• What you have to do
Reproduce each line from the first in the data through the line that contains "wR_cmd : Inport" exactly; give nothing else.

=== Supplied records ===

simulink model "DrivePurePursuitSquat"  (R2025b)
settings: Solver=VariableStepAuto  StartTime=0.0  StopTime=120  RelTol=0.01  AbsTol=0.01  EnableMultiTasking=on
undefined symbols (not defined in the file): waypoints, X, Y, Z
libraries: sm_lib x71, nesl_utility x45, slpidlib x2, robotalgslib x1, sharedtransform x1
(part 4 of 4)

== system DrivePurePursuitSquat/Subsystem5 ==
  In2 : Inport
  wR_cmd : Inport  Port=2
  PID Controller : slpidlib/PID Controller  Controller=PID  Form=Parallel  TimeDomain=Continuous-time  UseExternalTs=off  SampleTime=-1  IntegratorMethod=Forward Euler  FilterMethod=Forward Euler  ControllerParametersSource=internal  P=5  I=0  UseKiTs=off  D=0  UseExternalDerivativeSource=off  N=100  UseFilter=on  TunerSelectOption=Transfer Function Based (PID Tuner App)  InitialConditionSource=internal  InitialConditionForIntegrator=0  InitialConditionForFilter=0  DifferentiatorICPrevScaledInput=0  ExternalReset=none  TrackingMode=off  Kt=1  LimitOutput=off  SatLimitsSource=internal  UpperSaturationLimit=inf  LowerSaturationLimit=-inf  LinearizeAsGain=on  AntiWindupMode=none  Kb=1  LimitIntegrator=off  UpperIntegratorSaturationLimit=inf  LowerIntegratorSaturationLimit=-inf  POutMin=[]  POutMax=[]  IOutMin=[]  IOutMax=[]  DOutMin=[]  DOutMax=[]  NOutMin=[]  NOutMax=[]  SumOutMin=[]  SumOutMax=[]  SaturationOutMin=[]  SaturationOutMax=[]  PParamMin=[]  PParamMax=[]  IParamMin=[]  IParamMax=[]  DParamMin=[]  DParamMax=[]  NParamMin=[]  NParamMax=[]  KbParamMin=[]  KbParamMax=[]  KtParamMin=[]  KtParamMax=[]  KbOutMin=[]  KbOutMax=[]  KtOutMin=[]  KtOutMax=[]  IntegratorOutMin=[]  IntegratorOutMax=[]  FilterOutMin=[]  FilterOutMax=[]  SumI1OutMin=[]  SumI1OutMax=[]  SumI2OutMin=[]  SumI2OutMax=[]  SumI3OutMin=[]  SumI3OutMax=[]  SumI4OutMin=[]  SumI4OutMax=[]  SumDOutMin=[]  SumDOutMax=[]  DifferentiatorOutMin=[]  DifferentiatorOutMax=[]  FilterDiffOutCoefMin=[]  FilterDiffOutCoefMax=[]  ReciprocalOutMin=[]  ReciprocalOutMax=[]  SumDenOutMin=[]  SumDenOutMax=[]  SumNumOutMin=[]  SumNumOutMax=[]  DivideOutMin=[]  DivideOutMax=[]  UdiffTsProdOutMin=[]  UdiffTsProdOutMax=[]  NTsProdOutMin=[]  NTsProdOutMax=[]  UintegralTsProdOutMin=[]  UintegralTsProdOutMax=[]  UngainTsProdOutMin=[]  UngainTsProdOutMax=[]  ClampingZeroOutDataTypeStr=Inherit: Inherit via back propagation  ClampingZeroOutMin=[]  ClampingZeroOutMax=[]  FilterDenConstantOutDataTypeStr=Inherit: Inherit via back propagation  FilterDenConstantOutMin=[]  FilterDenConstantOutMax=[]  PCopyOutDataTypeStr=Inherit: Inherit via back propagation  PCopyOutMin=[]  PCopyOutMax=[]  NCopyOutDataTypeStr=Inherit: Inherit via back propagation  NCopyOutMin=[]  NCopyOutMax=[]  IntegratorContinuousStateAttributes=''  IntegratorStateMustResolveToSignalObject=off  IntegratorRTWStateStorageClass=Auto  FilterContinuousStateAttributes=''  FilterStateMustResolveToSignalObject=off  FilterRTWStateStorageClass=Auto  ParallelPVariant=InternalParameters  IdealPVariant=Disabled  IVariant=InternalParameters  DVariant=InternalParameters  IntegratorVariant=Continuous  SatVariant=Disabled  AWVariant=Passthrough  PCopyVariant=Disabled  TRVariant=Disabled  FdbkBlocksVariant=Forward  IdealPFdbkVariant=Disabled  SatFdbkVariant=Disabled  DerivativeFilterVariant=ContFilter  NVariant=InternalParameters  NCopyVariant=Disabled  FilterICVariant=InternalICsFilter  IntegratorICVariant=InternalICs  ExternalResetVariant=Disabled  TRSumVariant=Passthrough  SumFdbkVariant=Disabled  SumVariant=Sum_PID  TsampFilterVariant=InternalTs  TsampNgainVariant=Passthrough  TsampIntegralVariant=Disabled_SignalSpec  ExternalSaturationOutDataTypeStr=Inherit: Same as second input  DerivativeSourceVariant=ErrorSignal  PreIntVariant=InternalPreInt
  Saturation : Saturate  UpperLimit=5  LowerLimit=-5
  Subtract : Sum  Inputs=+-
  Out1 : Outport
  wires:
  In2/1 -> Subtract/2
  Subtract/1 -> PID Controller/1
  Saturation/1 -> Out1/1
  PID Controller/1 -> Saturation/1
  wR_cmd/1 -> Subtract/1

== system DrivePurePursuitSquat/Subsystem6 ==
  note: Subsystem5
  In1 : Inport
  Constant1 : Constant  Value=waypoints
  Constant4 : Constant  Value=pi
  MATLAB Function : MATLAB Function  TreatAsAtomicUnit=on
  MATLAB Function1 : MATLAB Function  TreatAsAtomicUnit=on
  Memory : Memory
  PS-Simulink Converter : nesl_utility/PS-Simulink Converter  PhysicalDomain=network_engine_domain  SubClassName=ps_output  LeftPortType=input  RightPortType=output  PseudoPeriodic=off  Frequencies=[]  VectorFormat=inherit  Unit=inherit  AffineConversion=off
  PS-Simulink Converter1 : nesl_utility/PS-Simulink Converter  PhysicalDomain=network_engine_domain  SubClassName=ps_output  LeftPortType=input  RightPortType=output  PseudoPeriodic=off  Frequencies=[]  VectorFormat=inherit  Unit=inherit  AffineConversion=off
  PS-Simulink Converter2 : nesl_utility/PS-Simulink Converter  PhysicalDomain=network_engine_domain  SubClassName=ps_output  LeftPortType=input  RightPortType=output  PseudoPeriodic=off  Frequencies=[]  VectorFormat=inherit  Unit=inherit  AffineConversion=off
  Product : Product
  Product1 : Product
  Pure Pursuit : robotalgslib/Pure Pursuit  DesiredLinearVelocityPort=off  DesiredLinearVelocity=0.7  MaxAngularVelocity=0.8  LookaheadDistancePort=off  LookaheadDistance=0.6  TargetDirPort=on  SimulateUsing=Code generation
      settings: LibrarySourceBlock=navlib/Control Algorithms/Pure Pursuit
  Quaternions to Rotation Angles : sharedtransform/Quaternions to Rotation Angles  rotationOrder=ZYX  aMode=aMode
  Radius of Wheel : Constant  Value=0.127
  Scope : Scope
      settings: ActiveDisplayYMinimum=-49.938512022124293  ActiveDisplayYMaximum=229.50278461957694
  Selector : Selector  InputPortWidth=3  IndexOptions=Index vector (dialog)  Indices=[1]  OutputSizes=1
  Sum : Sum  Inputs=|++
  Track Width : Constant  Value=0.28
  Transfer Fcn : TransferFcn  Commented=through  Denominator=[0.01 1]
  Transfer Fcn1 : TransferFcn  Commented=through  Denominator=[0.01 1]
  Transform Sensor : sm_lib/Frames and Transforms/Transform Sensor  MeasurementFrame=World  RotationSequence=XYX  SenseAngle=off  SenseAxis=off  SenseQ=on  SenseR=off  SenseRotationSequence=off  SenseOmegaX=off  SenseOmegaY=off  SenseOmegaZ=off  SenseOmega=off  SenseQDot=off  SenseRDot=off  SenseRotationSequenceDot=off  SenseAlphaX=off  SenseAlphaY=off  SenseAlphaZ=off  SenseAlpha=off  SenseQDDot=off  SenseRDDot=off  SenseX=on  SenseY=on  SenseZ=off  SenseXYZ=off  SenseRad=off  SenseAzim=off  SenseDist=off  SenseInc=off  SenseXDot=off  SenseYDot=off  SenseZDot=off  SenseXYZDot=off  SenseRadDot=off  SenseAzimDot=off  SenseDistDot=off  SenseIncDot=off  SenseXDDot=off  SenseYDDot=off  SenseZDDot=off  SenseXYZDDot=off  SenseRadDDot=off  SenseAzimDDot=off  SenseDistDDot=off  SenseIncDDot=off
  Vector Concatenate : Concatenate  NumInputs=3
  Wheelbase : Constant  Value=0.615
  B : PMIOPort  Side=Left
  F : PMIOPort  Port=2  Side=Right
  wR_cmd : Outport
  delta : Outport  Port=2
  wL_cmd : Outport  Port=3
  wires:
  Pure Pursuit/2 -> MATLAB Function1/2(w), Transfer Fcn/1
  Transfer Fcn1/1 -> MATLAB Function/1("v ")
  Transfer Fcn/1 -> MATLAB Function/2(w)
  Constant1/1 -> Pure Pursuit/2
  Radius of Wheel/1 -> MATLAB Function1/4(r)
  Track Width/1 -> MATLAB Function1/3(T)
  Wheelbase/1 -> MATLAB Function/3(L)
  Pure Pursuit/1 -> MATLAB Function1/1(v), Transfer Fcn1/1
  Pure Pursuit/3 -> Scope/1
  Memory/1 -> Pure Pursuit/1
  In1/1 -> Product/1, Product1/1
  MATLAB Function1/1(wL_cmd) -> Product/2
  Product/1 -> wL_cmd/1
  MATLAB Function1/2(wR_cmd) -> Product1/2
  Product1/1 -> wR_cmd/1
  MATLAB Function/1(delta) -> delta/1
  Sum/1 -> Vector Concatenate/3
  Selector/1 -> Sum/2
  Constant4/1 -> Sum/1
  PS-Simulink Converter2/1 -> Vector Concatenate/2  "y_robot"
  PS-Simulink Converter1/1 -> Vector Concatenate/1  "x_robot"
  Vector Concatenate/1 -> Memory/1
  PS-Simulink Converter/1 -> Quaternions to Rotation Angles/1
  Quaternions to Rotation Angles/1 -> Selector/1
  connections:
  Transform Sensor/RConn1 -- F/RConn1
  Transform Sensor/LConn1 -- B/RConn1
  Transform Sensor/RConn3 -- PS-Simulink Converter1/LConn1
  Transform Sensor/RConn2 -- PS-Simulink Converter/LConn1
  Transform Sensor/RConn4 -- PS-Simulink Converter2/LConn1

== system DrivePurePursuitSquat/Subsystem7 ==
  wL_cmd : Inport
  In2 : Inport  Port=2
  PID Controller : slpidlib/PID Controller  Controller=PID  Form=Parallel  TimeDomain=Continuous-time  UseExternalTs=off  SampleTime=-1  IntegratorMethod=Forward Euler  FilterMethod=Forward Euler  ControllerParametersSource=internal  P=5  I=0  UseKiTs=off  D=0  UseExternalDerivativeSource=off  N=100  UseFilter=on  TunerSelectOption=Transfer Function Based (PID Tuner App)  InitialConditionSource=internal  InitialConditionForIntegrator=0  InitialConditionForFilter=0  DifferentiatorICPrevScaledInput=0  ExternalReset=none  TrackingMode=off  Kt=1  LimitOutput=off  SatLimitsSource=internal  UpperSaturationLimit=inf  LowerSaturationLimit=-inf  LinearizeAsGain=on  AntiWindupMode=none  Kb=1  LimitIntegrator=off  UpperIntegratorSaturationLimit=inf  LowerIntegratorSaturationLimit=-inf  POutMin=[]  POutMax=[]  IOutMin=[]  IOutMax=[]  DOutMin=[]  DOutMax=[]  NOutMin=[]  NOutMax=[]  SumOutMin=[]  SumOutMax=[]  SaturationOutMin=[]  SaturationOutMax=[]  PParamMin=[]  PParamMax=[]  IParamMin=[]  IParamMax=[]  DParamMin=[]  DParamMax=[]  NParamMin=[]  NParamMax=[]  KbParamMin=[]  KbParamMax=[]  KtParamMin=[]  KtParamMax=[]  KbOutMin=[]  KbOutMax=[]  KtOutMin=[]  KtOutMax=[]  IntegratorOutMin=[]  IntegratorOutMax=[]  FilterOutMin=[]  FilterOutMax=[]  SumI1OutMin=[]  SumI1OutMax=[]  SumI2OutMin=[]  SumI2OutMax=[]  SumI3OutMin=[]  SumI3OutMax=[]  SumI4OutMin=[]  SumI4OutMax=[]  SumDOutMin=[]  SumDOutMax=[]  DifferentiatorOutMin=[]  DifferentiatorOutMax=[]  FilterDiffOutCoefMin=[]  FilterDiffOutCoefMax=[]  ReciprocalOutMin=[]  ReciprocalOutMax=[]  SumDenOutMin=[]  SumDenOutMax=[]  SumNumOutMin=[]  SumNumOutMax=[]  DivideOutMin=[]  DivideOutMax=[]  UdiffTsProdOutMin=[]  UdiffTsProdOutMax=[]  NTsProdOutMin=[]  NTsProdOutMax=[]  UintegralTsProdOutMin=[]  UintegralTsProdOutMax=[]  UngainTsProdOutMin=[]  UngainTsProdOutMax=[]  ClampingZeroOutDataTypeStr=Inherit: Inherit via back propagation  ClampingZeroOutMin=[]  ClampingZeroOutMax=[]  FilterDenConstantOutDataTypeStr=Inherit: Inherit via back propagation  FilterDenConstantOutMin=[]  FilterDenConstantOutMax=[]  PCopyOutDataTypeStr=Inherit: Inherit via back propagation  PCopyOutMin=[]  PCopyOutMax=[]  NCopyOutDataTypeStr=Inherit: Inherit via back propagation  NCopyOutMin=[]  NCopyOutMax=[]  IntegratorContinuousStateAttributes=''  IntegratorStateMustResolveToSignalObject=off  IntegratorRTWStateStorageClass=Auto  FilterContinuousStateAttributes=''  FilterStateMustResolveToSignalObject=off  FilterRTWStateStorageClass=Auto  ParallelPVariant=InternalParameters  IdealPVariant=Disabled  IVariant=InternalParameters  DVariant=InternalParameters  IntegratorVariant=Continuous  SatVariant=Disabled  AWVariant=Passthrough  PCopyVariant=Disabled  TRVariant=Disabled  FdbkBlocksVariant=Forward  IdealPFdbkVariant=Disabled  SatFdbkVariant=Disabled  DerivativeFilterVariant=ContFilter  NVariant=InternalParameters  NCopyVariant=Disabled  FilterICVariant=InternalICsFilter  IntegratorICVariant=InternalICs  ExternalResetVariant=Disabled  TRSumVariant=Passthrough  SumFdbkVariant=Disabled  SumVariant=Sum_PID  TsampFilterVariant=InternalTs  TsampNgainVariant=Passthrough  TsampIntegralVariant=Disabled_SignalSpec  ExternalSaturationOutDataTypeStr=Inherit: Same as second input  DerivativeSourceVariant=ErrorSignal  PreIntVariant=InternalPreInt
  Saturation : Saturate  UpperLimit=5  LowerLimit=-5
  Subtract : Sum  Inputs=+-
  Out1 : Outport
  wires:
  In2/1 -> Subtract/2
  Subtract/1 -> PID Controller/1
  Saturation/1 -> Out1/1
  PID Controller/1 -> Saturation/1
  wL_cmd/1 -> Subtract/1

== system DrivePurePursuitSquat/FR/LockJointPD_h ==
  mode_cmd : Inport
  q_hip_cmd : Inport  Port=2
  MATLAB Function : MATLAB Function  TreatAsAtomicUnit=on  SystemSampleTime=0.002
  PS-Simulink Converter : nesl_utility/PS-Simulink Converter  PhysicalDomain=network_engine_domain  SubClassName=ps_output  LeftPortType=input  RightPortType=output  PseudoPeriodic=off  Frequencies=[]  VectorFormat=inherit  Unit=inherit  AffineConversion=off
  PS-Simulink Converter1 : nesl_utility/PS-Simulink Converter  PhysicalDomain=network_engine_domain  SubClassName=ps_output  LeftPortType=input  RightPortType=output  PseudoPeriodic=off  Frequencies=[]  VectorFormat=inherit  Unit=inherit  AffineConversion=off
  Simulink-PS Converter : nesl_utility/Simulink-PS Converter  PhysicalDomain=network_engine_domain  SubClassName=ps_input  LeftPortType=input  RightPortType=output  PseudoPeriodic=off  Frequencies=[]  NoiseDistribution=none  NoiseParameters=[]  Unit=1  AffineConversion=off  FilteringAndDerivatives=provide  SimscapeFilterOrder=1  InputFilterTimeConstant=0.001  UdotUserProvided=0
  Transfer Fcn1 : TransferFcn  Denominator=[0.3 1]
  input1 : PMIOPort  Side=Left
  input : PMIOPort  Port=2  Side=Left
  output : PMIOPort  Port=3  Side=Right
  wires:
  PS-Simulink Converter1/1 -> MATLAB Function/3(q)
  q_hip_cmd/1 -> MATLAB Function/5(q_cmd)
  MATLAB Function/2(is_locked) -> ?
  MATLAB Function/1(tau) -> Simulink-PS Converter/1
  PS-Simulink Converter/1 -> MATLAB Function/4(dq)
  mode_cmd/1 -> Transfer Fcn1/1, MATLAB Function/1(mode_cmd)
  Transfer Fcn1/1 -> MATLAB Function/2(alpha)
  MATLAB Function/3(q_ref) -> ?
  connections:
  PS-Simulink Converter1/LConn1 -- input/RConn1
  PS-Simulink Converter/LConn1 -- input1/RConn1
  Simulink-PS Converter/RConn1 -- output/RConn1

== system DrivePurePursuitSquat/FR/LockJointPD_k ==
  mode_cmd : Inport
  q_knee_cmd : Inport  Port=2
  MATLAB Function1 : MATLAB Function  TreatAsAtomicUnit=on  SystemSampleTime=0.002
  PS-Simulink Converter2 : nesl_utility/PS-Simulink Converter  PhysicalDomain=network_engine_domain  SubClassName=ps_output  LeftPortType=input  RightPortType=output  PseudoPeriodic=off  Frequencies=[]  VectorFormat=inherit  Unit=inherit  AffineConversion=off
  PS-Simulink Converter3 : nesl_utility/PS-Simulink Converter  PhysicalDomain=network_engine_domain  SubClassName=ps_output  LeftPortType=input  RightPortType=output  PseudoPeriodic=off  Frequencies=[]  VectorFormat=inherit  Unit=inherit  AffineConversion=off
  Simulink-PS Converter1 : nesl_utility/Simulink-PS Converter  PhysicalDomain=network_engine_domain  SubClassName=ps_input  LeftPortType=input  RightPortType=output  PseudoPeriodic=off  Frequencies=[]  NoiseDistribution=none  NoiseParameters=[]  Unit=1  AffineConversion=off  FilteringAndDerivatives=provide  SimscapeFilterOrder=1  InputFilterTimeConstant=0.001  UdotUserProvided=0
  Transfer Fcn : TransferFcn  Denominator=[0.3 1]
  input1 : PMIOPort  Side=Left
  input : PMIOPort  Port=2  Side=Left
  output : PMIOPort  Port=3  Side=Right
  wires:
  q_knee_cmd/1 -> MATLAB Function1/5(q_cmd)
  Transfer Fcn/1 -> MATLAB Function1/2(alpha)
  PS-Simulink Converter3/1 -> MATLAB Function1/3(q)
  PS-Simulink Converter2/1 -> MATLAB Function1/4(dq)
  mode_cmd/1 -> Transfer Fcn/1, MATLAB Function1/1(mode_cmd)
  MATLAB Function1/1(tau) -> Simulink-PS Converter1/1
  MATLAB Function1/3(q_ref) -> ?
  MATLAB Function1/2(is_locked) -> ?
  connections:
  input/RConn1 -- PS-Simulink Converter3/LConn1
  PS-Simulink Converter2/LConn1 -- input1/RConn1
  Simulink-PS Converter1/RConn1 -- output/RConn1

===

• Result for this task
simulink model "DrivePurePursuitSquat"  (R2025b)
settings: Solver=VariableStepAuto  StartTime=0.0  StopTime=120  RelTol=0.01  AbsTol=0.01  EnableMultiTasking=on
undefined symbols (not defined in the file): waypoints, X, Y, Z
libraries: sm_lib x71, nesl_utility x45, slpidlib x2, robotalgslib x1, sharedtransform x1
(part 4 of 4)

== system DrivePurePursuitSquat/Subsystem5 ==
  In2 : Inport
  wR_cmd : Inport  Port=2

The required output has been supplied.